Thinking of data management practices aiming at ensuring data privacy in a daily workflow, with PMA-core is now possible to incorporate the following management practices and tools into your workflow:

De-identification tools: Beyond pseudonymization

When presenting a viewport to serve slide content, one can opt to hide elements in the viewport that could lead to inadvertently revealing sensitive information: both the label (barcode) and filename widgets can easily be hidden with a single line of JavaScript code. Check our online viewport configuration demo for relevant technical information on this.

The viewport configuration is useful in an environment where sometimes you do, yet sometimes you don’t want to show slide identification information. At root-directory level, therefore, one can opt to stipulate that label information is never to be revealed. A hybrid environment can thus be created in a medical school, where human pathology samples for teaching can be prevented from ever exposing label information, while in diagnostic routine these remain visible.

Permissions

The above are software solutions. PMA.core never manipulates the original raw data. This means that the original whole slide image will always retain the original slide label information unless you opt to anonymize the data. Hypothetically somebody could download an original slide from one PMA.core, and open it somewhere else. In order to prevent people from downloading selected data that they’re not allowed to see, PMA.core as a final back-stop supports granular permission settings: you can hence specify that people can view a slide (which essentially means piecemeal controlled serving of individual tiles), but they’re not allowed to download it; meaning they could never gain access to the original data.

Anonymization

Eventually you decide that a particular image or slide collection can (or must be) anonymized. In fact, whenever you need to share WSIs publicly such as along a congresses and other symposia or provide pathology training, any information that could lead to patient identification should be removed. In other words, pseudonymization is no longer enough, you must anonymize the WSI. In that case we offer you our in-house developed tool, Dicomizer. It is possible to export any WSI file format into a Dicom standard image, while at the same being able to remove even metadata embedded in the image files, together with the label on the WSI.

Trail Audit

Under GDPR, data processors have a legal obligation to maintain records of their processing activities. We facilitate this obligation by providing real time trail audit; which translates in the ability to understand who has used a particular image and when.

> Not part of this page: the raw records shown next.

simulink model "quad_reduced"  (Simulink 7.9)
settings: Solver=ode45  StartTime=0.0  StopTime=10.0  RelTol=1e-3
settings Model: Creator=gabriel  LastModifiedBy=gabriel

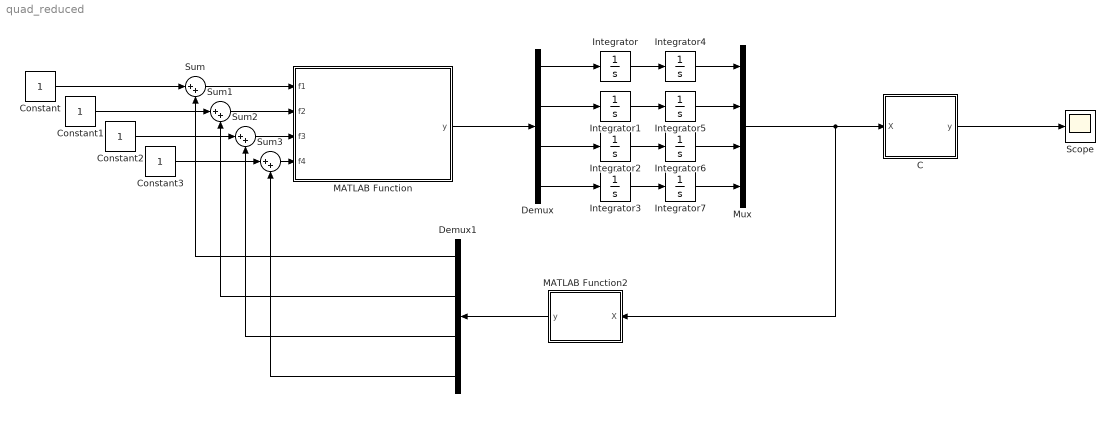
== system quad_reduced ==
  C : MATLAB Function  TreatAsAtomicUnit=on
  Constant{,1..3} (4 alike) : Constant
  Demux : Demux
  Demux1 : Demux
  Integrator{,1..3,5..7} (7 alike) : Integrator
  Integrator4 : Integrator  InitialCondition=10
  MATLAB Function : MATLAB Function  TreatAsAtomicUnit=on
  MATLAB Function2 : MATLAB Function  TreatAsAtomicUnit=on
  Mux : Mux
  Scope : Scope
      settings: YMax=15
  Sum{,1..3} (4 alike) : Sum  Inputs=|++
  wires:
  MATLAB Function/1(y) -> Demux/1
  Demux/1 -> Integrator/1
  Integrator/1 -> Integrator4/1
  Integrator1/1 -> Integrator5/1
  Integrator2/1 -> Integrator6/1
  Integrator3/1 -> Integrator7/1
  Demux/2 -> Integrator1/1
  Demux/3 -> Integrator2/1
  Demux/4 -> Integrator3/1
  Integrator4/1 -> Mux/1
  Integrator5/1 -> Mux/2
  Integrator6/1 -> Mux/3
  Integrator7/1 -> Mux/4
  Mux/1 -> C/1(X), MATLAB Function2/1(X)
  C/1(y) -> Scope/1
  Constant/1 -> Sum/1
  Sum/1 -> MATLAB Function/1(f1)
  Sum1/1 -> MATLAB Function/2(f2)
  Sum2/1 -> MATLAB Function/3(f3)
  Sum3/1 -> MATLAB Function/4(f4)
  Constant1/1 -> Sum1/1
  Constant2/1 -> Sum2/1
  Constant3/1 -> Sum3/1
  MATLAB Function2/1(y) -> Demux1/1
  Demux1/1 -> Sum/2
  Demux1/2 -> Sum1/2
  Demux1/3 -> Sum2/2
  Demux1/4 -> Sum3/2

== matlab function C ==
  data: y output double; X input double
function y = fcn(X)
%#codegen
C=[[1 0 0 0];[0 0 1 0]];
y = C*X;

== matlab function MATLAB Function ==
  data: f1 input double; y output double; f2 input double; f3 input double; f4 input double
function y = fcn(f1,f2,f3,f4)
%#codegen
B=[[0      0     0     0];
   [0 -165/4     0 165/4];
   [0      0     0     0];
   [-165/4 0 165/4     0]];

y = B*[f1;f2;f3;f4];

== matlab function MATLAB Function2 ==
  data: y output double; X input double
function y = fcn(X)
%#codegen
K=[[      0       0   -0.7071   -0.1309];
   [-0.7071 -0.1309         0         0];
   [      0       0    0.7071    0.1309];
   [ 0.7071  0.1309         0         0]];

y = K*X;
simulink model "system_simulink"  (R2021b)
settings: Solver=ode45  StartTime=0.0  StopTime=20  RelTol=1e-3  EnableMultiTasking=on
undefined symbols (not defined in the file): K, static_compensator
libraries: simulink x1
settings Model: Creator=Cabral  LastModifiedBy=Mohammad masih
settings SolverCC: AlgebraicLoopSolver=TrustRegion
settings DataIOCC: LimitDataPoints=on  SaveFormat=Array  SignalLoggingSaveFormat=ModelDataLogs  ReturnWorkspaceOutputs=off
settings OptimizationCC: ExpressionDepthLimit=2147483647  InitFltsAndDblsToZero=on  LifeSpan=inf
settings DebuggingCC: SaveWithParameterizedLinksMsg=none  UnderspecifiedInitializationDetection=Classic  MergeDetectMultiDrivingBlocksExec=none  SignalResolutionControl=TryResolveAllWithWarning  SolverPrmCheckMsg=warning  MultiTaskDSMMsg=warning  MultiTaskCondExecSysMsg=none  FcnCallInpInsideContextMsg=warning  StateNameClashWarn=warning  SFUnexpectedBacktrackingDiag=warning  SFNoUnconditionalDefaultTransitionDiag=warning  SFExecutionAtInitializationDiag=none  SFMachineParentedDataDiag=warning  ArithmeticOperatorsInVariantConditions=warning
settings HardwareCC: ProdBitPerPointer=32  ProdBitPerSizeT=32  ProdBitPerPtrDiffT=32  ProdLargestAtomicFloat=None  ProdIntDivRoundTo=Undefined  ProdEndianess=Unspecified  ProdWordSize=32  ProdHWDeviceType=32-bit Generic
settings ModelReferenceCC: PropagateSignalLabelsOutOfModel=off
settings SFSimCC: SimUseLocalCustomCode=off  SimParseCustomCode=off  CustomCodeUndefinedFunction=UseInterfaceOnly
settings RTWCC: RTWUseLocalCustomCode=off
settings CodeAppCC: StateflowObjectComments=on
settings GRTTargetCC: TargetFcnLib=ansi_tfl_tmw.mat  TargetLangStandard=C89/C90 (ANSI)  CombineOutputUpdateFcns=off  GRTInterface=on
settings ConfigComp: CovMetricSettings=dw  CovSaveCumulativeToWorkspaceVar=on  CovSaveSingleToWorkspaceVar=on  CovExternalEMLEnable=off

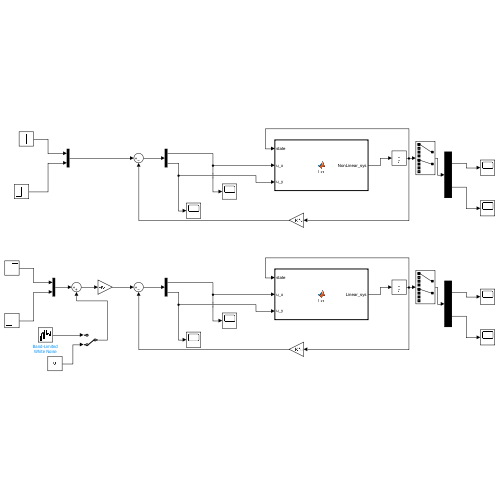
[thumbnail: Simulink's stored preview of the top-level diagram]
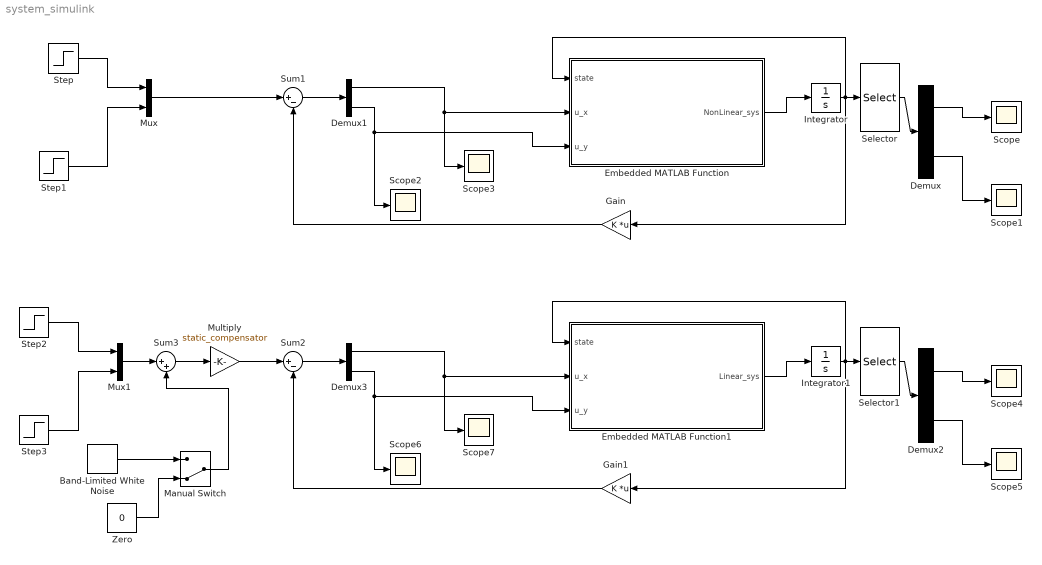
== system system_simulink ==
  Band-Limited White Noise : simulink/Sources/Band-Limited White Noise  Cov=[0.1]  Ts=0.1  seed=[23341]
  Demux{,1..3} (4 alike) : Demux  Outputs=[1 1]
  Embedded MATLAB Function : MATLAB Function  TreatAsAtomicUnit=on
  Embedded MATLAB Function1 : MATLAB Function  TreatAsAtomicUnit=on
  Gain : Gain  Gain=K  Multiplication=Matrix(K*u)
  Gain1 : Gain  Gain=K  Multiplication=Matrix(K*u)
  Integrator : Integrator  InitialCondition=[0 0 0 0 0 0 0 0]
  Integrator1 : Integrator  InitialCondition=[0 0 0 0 0 0 0 0]
  Manual Switch : ManualSwitch  CurrentSetting=0
  Multiply : Gain  Gain=static_compensator
  Mux : Mux  Inputs=2
  Mux1 : Mux  Inputs=2
  Scope{,1..7} (8 alike) : Scope
  Selector : Selector  InputPortWidth=8  IndexOptions=Index vector (dialog)  Indices=[1 5]  OutputSizes=1
  Selector1 : Selector  InputPortWidth=8  IndexOptions=Index vector (dialog)  Indices=[1 5]  OutputSizes=1
  Step{,1..3} (4 alike) : Step  SampleTime=0
  Sum1 : Sum  Inputs=|+-
  Sum2 : Sum  Inputs=|+-
  Sum3 : Sum  Inputs=|++
  Zero : Constant  Value=0  OutDataTypeStr=Inherit: Inherit via back propagation
  wires:
  Integrator/1 -> Gain/1, Selector/1, Embedded MATLAB Function/1(state)
  Selector/1 -> Demux/1
  Demux/2 -> Scope1/1
  Embedded MATLAB Function/1(NonLinear_sys) -> Integrator/1
  Demux/1 -> Scope/1
  Step/1 -> Mux/1
  Step1/1 -> Mux/2
  Sum1/1 -> Demux1/1
  Demux1/1 -> Scope3/1, Embedded MATLAB Function/2(u_x)
  Demux1/2 -> Scope2/1, Embedded MATLAB Function/3(u_y)
  Gain/1 -> Sum1/2
  Mux/1 -> Sum1/1
  Demux3/1 -> Scope7/1, Embedded MATLAB Function1/2(u_x)
  Demux2/1 -> Scope4/1
  Sum2/1 -> Demux3/1
  Gain1/1 -> Sum2/2
  Step3/1 -> Mux1/2
  Demux3/2 -> Scope6/1, Embedded MATLAB Function1/3(u_y)
  Integrator1/1 -> Gain1/1, Selector1/1, Embedded MATLAB Function1/1(state)
  Demux2/2 -> Scope5/1
  Selector1/1 -> Demux2/1
  Embedded MATLAB Function1/1(Linear_sys) -> Integrator1/1
  Step2/1 -> Mux1/1
  Multiply/1 -> Sum2/1
  Band-Limited White Noise/1 -> Manual Switch/1
  Sum3/1 -> Multiply/1
  Mux1/1 -> Sum3/1
  Manual Switch/1 -> Sum3/2
  Zero/1 -> Manual Switch/2

== matlab function system_simulink/Embedded MATLAB Function ==
  data: state input; u_x input; u_y input; NonLinear_sys output
function NonLinear_sys= fcn(state,u_x,u_y)
% constants
m = 0.11;
Ib = 1.76e-5;
rb = 0.02;

b = m/ (m + Ib/ rb^2)
g = 9.81;

x = state(1);
x_dot = state(2);
alfa = state(3);
alfa_dot = state(4);
y = state(5);
y_dot = state(6);
beta = state(7);
beta_dot = state(8);
if(alfa>1.57)
    alfa=1.57
    alfa_dot=0
end

if(beta>1.57)
    beta=1.57
    beta_dot=0
end
x_dot_dot = b*(x*alfa_dot*alfa_dot+alfa_dot*y*beta_dot-g*sin(alfa));
alpha_dot_dot = u_x;
y_dot_dot=b*(y*beta_dot*beta_dot+x*alfa_dot*beta_dot-g*sin(beta));
beta_dot_dot=u_y;

NonLinear_sys = [x_dot; x_dot_dot ;alfa_dot; alpha_dot_dot; y_dot ; y_dot_dot ; beta_dot ; beta_dot_dot];

== matlab function system_simulink/Embedded MATLAB Function1 ==
  data: state input; u_x input; u_y input; Linear_sys output
function Linear_sys= fcn(state,u_x,u_y)

A = [    0    1.0000         0         0         0         0         0         0;
         0         0   -7.0071         0         0         0         0         0;
         0         0         0    1.0000         0         0         0         0;
         0         0         0         0         0         0         0         0;
         0         0         0         0         0    1.0000         0         0;
         0         0         0         0         0         0   -7.0071         0;
         0         0         0         0         0         0         0    1.0000;
         0         0         0         0         0         0         0         0];
B=[  0     0;
     0     0;
     0     0;
     1     0;
     0     0;
     0     0;
     0     0;
     0     1];


Linear_sys = A*state+B*[u_x;u_y];
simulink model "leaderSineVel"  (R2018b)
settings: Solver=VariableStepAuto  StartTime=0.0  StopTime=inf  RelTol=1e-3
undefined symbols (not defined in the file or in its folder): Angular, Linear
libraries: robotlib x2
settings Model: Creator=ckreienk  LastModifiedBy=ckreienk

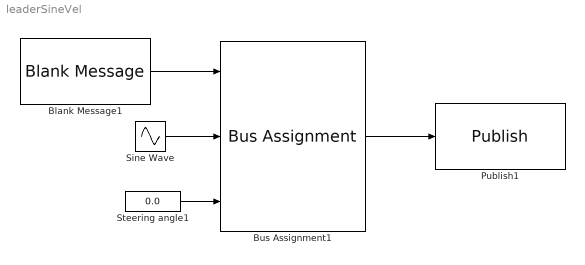
== system leaderSineVel ==
  Blank Message1 : robotlib/Blank Message  messageClass=Message  entityType=geometry_msgs/Twist  messageType=geometry_msgs/Twist  SampleTime=inf
      settings: SourceProductBaseCode=RO
  Bus Assignment1 : BusAssignment  AssignedSignals=Linear.X,Angular.Z
  Publish1 : robotlib/Publish  topicSource=Select from ROS network  topic=/leadVehicle/cmd_vel  messageType=geometry_msgs/Twist  messageQueueLength=1
      settings: SourceProductBaseCode=RO
  Sine Wave : Sin  Amplitude=4  Bias=3  Frequency=3  SampleTime=0
  Steering angle1 : Constant  Value=0.0
  wires:
  Bus Assignment1/1 -> Publish1/1
  Blank Message1/1 -> Bus Assignment1/1
  Sine Wave/1 -> Bus Assignment1/2
  Steering angle1/1 -> Bus Assignment1/3
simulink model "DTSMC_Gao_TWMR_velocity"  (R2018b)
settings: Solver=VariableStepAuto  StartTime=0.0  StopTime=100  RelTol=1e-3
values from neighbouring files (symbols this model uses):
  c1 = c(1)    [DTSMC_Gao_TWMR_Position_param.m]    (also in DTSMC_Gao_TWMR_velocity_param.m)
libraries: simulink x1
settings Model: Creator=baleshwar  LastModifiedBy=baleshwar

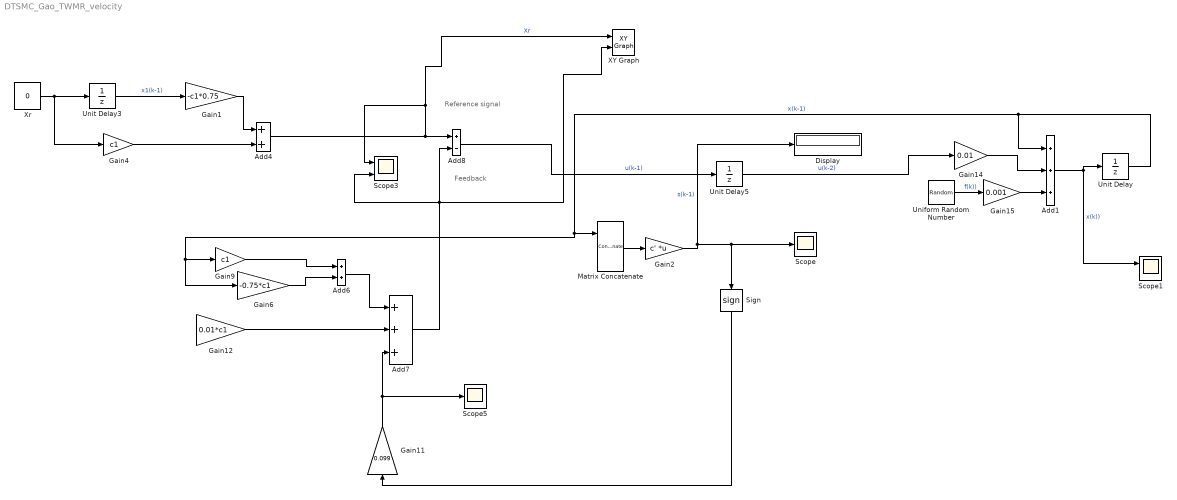
== system DTSMC_Gao_TWMR_velocity ==
  note: Feedback
  note: Reference signal
  Add1 : Sum  Inputs=+++
  Add4 : Sum
  Add6 : Sum
  Add7 : Sum  Inputs=+++
  Add8 : Sum  Inputs=+-
  Display : Display
  Gain1 : Gain  Gain=-c1*0.75
  Gain11 : Gain  Gain=0.099
  Gain12 : Gain  Gain=0.01*c1
  Gain14 : Gain  Gain=0.01
  Gain15 : Gain  Gain=0.001
  Gain2 : Gain  Gain=c'  Multiplication=Matrix(K*u)
  Gain4 : Gain  Gain=c1
  Gain6 : Gain  Gain=-0.75*c1
  Gain9 : Gain  Gain=c1
  Matrix Concatenate : Concatenate  Mode=Multidimensional array
  Scope : Scope
  Scope1 : Scope  NumInputPorts=2
  Scope3 : Scope  NumInputPorts=2
  Scope5 : Scope
  Sign : Signum
  Uniform Random Number : UniformRandomNumber  Minimum=-0.05  Maximum=0.05  SampleTime=0.01
  Unit Delay : UnitDelay  SampleTime=0.01
  Unit Delay3 : UnitDelay  SampleTime=0.1
  Unit Delay5 : UnitDelay  SampleTime=0.01
  XY Graph : simulink/Sinks/XY Graph  xmin=-inf  xmax=inf  ymin=-inf  ymax=inf  st=0.1
  Xr : Constant  Value=0  SampleTime=0.01
  wires:
  Add8/1 -> Unit Delay5/1  "u(k-1)"
  Gain12/1 -> Add7/2
  Uniform Random Number/1 -> Gain15/1  "f(k))"
  Gain2/1 -> Display/1, Scope/1, Sign/1  "s(k-1)"
  Xr/1 -> Unit Delay3/1, Gain4/1
  Gain6/1 -> Add6/2
  Gain1/1 -> Add4/1
  Unit Delay/1 -> Add1/1, Matrix Concatenate/1, Gain6/1, Gain9/1  "x(k-1)"
  Unit Delay3/1 -> Gain1/1  "x1(k-1)"
  Add7/1 -> XY Graph/2, Scope3/2, Add8/2
  Gain9/1 -> Add6/1
  Add6/1 -> Add7/1
  Sign/1 -> Gain11/1
  Add4/1 -> XY Graph/1, Scope3/1, Add8/1  "Xr"
  Gain11/1 -> Scope5/1, Add7/3
  Add1/1 -> Unit Delay/1, Scope1/1  "x(k))"
  Gain4/1 -> Add4/2
  Matrix Concatenate/1 -> Gain2/1
  Unit Delay5/1 -> Gain14/1  "u(k-2)"
  Gain14/1 -> Add1/2
  Gain15/1 -> Add1/3
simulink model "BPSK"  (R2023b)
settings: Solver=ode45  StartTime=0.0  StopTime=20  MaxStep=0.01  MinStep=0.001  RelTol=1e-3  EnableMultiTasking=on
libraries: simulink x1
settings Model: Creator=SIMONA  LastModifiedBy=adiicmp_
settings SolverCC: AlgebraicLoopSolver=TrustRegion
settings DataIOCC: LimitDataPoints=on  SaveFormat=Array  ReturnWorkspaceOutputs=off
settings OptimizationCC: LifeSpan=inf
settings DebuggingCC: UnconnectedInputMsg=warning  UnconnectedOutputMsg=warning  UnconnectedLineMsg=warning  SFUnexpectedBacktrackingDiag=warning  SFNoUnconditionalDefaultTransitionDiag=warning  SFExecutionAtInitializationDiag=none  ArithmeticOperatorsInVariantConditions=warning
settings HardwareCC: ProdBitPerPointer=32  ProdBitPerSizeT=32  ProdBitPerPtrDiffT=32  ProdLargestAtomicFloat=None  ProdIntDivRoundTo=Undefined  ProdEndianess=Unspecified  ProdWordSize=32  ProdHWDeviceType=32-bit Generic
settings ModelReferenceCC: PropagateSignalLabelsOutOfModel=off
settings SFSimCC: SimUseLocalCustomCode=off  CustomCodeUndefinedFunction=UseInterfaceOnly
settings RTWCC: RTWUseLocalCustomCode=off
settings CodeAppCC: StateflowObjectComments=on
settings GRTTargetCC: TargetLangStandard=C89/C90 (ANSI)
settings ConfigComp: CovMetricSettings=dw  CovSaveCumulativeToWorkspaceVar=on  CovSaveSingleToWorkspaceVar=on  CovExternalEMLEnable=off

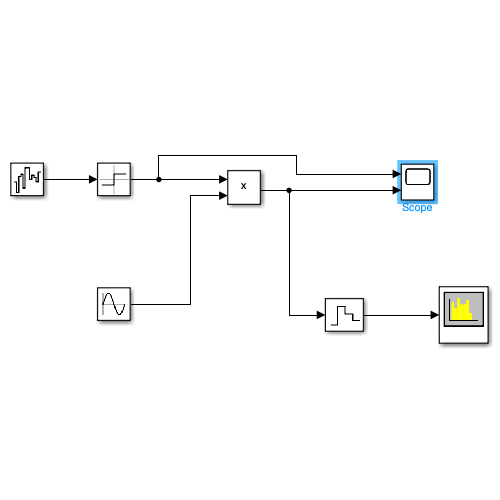
[thumbnail: Simulink's stored preview of the top-level diagram]
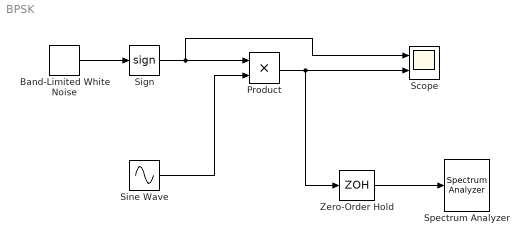
== system BPSK ==
  Band-Limited White Noise : simulink/Sources/Band-Limited White Noise  Cov=[0.1]  Ts=1  seed=[23341]
  Product : Product
  Scope : Scope  NumInputPorts=2
  Sign : Signum
  Sine Wave : Sin  Bias=4  Frequency=2*pi*10  SampleTime=0
  Spectrum Analyzer : SpectrumAnalyzer  WindowPosition=[320.000000,200.000000,800.000000,500.000000,]  ScopeFrameLocation=window  SpectrumType=Power density  Method=Welch  SampleRate=100  AxesScaling=Manual  Span=100  StartFrequency=-50  StopFrequency=50  AveragingMethod=Running  SpectrumUnits=dBm/Hz  YLabel=dBm / Hz  YLimits=[-43.928529500137167,34.152532005572709]  ShowGrid=off  SelectedToolstripTab=spectrumAnalyzerToolstrip.spectrumTab  DefaultConfigurationName=spbscopes.SpectrumAnalyzerBlockCfg
  Zero-Order Hold : ZeroOrderHold  SampleTime=0.01
  wires:
  Band-Limited White Noise/1 -> Sign/1
  Sign/1 -> Scope/1, Product/1
  Sine Wave/1 -> Product/2
  Product/1 -> Zero-Order Hold/1, Scope/2
  Zero-Order Hold/1 -> Spectrum Analyzer/1

On top of all these, we love to bespoke our applications and services to accommodate your very specific needs.

Glossary of terms

GDPR (ambit 26) The principles of data protection should apply to any information concerning an identified or identifiable natural person. Personal data which have undergone pseudonymisation, which could be attributed to a natural person by the use of additional information should be considered to be information on an identifiable natural person.
Datacontroller/dataprocessor: Under GDPR, there are two key entities: the data controller determines the purposes for which and the means by which personal data is processed. The ‘why’ and ‘how”. The data processor processes personal data on behalf of the controller. The controller can be also the processor.
Pseudonymization: GDPR (Article 4(3b) “the processing of personal data in such a way that the data can no longer be attributed to a specific data subject without the use of additional information, as long as such additional information is kept separately and subject to technical and organizational measures to ensure non-attribution to an identified or identifiable individual.”
Anonymization: Recital 26, EU GDPR: “(…)information which does not relate to an identified or identifiable natural person or to personal data rendered anonymous in such a manner that the data subject is not or no longer identifiable.”